> **Stored data entries**
---

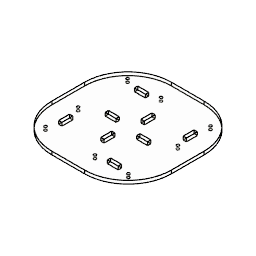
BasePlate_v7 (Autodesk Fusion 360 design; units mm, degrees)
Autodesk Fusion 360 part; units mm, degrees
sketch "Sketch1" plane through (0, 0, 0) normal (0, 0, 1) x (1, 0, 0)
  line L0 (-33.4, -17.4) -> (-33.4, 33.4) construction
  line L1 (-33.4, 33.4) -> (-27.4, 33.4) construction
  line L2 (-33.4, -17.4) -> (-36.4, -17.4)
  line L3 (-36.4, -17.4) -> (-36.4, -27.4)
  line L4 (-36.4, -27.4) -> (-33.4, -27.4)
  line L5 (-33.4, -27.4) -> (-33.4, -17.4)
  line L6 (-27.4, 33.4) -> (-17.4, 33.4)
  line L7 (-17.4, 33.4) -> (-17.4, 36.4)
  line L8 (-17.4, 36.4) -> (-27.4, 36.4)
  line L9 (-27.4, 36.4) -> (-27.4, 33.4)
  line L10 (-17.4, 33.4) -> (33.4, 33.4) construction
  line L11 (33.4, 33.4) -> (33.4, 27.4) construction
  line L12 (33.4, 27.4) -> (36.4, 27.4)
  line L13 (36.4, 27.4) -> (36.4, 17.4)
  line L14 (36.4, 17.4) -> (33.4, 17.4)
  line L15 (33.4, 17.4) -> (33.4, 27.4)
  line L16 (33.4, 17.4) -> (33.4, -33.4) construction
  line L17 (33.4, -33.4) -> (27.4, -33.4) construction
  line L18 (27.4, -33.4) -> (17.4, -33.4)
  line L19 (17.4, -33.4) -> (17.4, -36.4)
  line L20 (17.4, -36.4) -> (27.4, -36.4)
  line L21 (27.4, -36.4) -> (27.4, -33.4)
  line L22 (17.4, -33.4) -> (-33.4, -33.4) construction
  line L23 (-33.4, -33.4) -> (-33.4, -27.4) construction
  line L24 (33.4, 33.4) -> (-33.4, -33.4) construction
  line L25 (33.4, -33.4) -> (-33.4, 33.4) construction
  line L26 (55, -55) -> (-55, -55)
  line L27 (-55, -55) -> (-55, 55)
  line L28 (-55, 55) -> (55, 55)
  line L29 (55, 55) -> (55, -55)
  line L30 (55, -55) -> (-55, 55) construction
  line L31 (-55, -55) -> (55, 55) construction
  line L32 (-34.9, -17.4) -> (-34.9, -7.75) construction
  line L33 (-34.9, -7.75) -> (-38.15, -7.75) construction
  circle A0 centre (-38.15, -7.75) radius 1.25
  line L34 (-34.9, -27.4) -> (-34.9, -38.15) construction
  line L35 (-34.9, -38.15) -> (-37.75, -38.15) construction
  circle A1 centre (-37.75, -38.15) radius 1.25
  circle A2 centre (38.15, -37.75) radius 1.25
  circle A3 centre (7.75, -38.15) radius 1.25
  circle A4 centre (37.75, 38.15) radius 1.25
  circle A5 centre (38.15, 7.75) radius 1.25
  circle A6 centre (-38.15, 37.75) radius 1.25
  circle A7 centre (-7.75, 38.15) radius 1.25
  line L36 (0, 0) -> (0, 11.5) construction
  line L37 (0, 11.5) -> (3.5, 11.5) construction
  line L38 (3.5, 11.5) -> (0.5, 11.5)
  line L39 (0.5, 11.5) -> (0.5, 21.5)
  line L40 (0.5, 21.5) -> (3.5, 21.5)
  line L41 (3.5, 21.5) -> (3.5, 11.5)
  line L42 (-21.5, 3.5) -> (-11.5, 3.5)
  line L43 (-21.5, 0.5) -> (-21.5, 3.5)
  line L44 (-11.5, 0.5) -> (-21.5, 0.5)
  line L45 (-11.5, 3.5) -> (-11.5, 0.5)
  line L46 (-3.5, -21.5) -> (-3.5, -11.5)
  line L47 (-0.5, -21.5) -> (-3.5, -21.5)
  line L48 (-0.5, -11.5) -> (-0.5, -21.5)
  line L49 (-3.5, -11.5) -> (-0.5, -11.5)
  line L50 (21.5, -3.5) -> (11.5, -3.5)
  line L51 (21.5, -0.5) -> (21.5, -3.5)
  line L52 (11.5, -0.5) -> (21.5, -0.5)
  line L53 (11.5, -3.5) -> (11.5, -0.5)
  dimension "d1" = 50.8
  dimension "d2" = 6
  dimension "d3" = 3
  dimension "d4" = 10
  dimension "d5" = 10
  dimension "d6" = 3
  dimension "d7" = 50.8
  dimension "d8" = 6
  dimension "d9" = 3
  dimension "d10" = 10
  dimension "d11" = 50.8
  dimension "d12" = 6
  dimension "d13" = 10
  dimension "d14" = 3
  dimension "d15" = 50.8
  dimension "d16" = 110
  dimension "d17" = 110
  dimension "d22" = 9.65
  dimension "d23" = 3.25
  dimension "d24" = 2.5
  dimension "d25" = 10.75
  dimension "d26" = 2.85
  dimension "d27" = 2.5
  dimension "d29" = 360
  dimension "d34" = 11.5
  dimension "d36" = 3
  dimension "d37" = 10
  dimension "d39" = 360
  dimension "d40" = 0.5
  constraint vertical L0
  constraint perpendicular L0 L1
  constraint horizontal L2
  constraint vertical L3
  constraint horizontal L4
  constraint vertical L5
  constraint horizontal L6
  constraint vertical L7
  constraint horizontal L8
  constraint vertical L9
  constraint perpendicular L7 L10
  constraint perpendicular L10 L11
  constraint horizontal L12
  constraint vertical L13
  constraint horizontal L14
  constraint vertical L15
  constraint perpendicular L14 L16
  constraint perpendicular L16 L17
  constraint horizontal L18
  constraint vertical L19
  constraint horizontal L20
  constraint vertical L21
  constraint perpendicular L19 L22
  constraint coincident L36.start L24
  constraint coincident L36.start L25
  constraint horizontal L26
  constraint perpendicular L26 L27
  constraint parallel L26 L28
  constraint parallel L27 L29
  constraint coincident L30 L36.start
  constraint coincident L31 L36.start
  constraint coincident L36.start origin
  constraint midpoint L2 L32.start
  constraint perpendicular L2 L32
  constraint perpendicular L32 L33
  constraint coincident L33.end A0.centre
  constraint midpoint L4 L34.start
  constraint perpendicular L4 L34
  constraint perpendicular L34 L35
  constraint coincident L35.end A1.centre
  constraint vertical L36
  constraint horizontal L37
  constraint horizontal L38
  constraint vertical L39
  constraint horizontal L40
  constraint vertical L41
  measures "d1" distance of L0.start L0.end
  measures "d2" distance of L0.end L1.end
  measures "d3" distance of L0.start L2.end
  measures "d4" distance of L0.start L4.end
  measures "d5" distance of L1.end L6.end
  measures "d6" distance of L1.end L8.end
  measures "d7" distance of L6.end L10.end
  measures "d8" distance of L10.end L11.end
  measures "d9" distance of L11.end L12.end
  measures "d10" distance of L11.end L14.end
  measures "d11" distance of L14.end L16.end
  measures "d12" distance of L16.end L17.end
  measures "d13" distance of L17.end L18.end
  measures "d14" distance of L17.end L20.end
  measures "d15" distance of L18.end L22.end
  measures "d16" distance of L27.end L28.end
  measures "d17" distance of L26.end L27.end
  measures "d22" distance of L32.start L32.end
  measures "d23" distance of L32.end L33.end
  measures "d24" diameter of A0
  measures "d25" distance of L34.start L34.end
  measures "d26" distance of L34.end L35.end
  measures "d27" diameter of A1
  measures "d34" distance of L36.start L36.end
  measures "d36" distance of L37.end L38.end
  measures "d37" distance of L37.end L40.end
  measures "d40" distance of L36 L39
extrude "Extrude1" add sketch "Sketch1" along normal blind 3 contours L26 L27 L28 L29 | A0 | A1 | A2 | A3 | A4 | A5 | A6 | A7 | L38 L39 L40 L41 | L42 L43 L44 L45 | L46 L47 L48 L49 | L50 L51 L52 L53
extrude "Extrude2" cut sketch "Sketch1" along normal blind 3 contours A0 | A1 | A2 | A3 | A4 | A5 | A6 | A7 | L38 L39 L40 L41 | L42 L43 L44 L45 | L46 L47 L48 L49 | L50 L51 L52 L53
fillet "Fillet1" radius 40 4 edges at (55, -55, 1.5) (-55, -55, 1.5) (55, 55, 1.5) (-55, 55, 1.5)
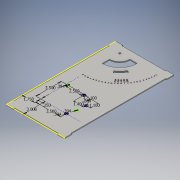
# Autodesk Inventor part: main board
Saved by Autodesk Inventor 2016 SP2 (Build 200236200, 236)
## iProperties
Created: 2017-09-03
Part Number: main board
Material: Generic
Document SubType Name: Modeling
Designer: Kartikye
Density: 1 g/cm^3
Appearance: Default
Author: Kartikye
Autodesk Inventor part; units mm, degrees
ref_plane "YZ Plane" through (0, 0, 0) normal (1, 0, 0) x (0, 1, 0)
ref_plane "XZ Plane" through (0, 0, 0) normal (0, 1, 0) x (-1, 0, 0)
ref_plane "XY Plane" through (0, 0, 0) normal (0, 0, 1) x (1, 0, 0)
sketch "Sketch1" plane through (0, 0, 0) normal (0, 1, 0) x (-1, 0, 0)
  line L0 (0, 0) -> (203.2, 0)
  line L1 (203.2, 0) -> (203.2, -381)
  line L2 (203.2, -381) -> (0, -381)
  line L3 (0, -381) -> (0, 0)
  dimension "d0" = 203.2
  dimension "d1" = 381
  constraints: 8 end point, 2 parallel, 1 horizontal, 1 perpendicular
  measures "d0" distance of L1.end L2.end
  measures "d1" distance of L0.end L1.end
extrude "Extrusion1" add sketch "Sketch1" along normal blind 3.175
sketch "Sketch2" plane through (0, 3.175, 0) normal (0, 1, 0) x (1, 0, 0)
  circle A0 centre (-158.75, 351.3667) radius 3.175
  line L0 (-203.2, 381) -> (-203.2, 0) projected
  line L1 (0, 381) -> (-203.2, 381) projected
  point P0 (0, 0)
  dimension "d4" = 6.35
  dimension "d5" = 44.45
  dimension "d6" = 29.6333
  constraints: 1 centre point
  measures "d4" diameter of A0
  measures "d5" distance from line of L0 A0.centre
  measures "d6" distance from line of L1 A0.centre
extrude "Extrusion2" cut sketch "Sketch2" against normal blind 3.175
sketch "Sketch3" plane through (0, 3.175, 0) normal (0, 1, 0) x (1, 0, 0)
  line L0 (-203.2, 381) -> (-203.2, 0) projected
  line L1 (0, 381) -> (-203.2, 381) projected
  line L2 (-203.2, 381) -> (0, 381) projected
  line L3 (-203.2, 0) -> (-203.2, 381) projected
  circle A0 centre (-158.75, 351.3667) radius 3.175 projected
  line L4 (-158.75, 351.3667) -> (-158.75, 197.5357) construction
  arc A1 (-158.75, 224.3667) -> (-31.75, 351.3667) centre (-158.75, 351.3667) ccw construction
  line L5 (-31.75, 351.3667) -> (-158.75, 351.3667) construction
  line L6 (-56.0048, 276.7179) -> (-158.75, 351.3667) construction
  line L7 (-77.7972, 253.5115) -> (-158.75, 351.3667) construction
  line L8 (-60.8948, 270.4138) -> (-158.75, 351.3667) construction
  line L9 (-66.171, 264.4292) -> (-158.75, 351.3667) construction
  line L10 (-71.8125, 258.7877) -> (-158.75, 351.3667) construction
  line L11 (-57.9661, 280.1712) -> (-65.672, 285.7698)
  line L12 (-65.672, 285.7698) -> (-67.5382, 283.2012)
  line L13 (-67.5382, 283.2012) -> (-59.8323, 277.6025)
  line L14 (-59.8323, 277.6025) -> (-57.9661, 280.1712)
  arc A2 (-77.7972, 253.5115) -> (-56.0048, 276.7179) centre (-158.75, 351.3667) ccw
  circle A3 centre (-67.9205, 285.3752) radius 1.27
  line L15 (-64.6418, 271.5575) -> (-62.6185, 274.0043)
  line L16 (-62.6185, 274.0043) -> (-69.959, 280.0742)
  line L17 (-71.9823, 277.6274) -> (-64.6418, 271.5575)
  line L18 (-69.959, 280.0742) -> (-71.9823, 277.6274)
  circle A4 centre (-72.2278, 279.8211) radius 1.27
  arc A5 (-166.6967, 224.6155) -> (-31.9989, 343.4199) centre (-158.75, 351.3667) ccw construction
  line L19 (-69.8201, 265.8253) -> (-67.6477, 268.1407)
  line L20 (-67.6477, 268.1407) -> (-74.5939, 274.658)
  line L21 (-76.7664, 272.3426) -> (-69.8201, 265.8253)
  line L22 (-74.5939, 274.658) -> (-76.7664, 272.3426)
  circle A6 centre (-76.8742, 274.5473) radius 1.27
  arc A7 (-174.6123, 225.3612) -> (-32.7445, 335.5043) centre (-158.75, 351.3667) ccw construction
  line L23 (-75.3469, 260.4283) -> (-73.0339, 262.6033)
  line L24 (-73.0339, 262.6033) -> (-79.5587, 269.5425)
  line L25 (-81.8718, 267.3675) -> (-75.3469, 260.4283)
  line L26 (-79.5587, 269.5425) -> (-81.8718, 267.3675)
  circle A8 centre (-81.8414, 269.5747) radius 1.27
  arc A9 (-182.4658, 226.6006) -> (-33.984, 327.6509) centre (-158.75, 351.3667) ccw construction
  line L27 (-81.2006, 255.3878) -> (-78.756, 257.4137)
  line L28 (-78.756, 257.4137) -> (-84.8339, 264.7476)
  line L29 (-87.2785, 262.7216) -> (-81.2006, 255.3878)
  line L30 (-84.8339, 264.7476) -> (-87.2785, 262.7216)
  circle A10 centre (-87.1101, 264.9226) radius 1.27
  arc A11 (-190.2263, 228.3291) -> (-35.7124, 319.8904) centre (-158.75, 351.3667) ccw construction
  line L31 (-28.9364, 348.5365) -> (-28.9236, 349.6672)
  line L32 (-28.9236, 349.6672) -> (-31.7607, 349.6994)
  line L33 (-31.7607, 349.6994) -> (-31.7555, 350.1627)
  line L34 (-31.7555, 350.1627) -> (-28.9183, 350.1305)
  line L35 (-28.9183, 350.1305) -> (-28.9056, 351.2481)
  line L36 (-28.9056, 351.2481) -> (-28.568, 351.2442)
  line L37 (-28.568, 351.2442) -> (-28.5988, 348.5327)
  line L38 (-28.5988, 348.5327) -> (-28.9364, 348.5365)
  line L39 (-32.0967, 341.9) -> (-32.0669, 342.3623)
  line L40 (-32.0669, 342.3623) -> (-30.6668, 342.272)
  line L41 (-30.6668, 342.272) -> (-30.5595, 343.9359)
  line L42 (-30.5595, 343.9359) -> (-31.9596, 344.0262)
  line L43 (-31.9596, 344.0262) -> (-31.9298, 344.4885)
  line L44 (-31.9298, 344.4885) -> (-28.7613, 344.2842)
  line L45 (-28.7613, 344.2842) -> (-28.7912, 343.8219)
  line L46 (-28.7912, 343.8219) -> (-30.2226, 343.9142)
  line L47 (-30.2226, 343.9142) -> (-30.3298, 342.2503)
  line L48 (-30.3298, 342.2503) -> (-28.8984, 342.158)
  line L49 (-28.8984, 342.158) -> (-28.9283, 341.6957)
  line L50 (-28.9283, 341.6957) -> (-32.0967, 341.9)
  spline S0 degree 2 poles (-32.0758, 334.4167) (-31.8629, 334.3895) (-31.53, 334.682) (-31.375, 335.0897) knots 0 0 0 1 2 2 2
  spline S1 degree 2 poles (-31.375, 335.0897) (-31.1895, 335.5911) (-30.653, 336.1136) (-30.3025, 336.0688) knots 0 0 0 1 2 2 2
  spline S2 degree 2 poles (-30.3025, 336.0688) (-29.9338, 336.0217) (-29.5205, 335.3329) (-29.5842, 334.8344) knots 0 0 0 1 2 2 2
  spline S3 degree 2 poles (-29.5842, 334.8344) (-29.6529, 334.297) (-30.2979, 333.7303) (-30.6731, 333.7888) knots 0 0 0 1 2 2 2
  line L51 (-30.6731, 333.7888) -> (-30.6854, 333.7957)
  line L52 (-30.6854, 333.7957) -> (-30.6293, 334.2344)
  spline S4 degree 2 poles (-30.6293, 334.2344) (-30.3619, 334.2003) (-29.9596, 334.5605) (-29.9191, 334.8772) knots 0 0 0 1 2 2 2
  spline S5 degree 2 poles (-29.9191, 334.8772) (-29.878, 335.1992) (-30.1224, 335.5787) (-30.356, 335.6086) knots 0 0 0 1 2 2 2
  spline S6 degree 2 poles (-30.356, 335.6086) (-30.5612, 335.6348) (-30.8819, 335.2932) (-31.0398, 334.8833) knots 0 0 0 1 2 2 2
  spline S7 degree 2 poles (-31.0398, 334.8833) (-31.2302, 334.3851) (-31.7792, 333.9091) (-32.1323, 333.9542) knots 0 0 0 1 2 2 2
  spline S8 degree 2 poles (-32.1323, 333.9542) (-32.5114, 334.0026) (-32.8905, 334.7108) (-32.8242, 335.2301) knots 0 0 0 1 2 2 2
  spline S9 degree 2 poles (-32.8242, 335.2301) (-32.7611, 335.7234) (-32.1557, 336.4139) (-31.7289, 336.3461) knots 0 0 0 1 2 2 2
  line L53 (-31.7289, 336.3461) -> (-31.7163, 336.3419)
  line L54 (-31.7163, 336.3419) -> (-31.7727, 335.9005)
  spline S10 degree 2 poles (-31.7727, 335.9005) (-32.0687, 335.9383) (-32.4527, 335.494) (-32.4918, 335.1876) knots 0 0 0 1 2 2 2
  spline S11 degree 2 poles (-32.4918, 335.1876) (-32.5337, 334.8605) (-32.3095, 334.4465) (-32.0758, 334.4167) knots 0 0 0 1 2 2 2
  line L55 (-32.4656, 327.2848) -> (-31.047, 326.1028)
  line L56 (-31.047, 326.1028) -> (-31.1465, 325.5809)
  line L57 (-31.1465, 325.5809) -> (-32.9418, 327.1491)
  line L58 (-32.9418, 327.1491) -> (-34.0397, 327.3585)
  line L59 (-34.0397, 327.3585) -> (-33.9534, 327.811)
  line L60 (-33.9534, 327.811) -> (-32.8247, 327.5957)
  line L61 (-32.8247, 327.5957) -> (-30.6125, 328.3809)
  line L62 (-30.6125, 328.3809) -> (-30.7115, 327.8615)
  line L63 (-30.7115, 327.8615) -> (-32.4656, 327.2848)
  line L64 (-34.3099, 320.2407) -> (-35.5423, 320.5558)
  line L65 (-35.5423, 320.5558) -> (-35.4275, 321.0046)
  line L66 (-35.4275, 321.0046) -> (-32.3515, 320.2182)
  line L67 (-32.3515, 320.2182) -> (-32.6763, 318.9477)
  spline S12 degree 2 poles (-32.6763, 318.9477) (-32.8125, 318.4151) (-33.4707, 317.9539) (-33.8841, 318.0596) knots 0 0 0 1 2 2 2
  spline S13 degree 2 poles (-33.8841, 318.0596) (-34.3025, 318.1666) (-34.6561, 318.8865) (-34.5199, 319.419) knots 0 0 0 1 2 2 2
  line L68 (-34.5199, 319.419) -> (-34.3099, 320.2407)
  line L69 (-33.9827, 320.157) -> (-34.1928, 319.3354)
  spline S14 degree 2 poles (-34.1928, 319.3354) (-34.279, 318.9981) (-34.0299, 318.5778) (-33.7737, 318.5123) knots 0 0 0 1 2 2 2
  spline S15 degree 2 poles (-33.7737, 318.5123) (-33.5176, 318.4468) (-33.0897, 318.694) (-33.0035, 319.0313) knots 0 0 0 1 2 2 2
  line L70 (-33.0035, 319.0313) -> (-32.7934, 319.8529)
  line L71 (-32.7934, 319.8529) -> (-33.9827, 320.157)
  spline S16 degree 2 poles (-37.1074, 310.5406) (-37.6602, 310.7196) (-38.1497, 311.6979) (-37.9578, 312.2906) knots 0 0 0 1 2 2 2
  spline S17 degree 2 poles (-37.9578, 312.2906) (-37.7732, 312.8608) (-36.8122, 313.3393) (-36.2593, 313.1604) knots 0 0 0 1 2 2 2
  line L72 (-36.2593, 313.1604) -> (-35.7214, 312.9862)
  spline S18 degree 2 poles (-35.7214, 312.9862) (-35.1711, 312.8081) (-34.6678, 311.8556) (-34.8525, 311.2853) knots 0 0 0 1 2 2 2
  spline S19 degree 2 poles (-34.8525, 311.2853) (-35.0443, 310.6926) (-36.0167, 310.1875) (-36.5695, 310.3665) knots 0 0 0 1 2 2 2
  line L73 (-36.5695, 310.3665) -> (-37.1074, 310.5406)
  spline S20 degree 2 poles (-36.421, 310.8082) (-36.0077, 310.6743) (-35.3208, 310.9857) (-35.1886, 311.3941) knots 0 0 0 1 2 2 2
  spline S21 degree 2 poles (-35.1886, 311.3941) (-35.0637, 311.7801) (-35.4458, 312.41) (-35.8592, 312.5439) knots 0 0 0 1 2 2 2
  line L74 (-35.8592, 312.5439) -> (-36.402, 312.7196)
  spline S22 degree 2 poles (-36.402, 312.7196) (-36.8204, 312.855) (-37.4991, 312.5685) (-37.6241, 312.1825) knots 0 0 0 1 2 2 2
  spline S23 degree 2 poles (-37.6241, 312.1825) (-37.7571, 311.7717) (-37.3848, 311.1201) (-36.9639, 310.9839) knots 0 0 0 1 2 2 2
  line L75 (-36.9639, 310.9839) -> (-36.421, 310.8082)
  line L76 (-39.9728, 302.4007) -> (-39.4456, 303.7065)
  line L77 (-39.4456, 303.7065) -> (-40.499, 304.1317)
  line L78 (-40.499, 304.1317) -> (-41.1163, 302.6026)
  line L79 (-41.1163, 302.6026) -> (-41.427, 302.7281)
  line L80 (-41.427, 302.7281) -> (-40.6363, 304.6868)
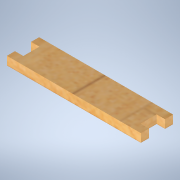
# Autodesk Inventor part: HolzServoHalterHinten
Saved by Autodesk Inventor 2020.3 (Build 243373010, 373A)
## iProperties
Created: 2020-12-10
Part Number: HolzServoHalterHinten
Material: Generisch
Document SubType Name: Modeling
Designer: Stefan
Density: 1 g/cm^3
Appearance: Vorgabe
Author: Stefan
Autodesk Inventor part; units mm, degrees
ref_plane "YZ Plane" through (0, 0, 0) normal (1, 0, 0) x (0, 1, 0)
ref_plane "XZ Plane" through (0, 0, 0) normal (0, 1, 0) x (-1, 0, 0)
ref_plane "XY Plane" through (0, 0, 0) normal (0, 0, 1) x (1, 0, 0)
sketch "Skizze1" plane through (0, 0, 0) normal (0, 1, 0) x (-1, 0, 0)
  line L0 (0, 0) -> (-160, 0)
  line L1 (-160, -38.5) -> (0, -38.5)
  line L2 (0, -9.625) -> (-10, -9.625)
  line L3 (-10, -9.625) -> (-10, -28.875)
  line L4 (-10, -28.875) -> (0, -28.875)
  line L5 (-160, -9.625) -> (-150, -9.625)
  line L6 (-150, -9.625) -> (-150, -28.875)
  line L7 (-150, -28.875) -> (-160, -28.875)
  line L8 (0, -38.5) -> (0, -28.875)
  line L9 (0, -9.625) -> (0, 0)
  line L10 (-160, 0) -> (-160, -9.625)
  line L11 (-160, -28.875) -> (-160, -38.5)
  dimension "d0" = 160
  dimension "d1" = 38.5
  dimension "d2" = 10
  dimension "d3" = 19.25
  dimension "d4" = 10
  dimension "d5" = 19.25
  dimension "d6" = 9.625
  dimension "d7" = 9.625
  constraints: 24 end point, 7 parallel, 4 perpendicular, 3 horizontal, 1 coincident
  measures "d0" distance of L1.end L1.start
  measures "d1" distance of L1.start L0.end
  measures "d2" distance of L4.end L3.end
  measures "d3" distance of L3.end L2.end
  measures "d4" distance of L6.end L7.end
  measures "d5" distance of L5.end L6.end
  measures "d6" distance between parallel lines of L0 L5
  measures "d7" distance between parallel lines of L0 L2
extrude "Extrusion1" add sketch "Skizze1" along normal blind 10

---

> **Brief**
From the line that has "spline S20 degree" through the line that has "line L80 (-41.427, 302.7281)", copy every line exactly as it appears above, and leave out all others.

> **Solution**
  spline S20 degree 2 poles (-36.421, 310.8082) (-36.0077, 310.6743) (-35.3208, 310.9857) (-35.1886, 311.3941) knots 0 0 0 1 2 2 2
  spline S21 degree 2 poles (-35.1886, 311.3941) (-35.0637, 311.7801) (-35.4458, 312.41) (-35.8592, 312.5439) knots 0 0 0 1 2 2 2
  line L74 (-35.8592, 312.5439) -> (-36.402, 312.7196)
  spline S22 degree 2 poles (-36.402, 312.7196) (-36.8204, 312.855) (-37.4991, 312.5685) (-37.6241, 312.1825) knots 0 0 0 1 2 2 2
  spline S23 degree 2 poles (-37.6241, 312.1825) (-37.7571, 311.7717) (-37.3848, 311.1201) (-36.9639, 310.9839) knots 0 0 0 1 2 2 2
  line L75 (-36.9639, 310.9839) -> (-36.421, 310.8082)
  line L76 (-39.9728, 302.4007) -> (-39.4456, 303.7065)
  line L77 (-39.4456, 303.7065) -> (-40.499, 304.1317)
  line L78 (-40.499, 304.1317) -> (-41.1163, 302.6026)
  line L79 (-41.1163, 302.6026) -> (-41.427, 302.7281)
  line L80 (-41.427, 302.7281) -> (-40.6363, 304.6868)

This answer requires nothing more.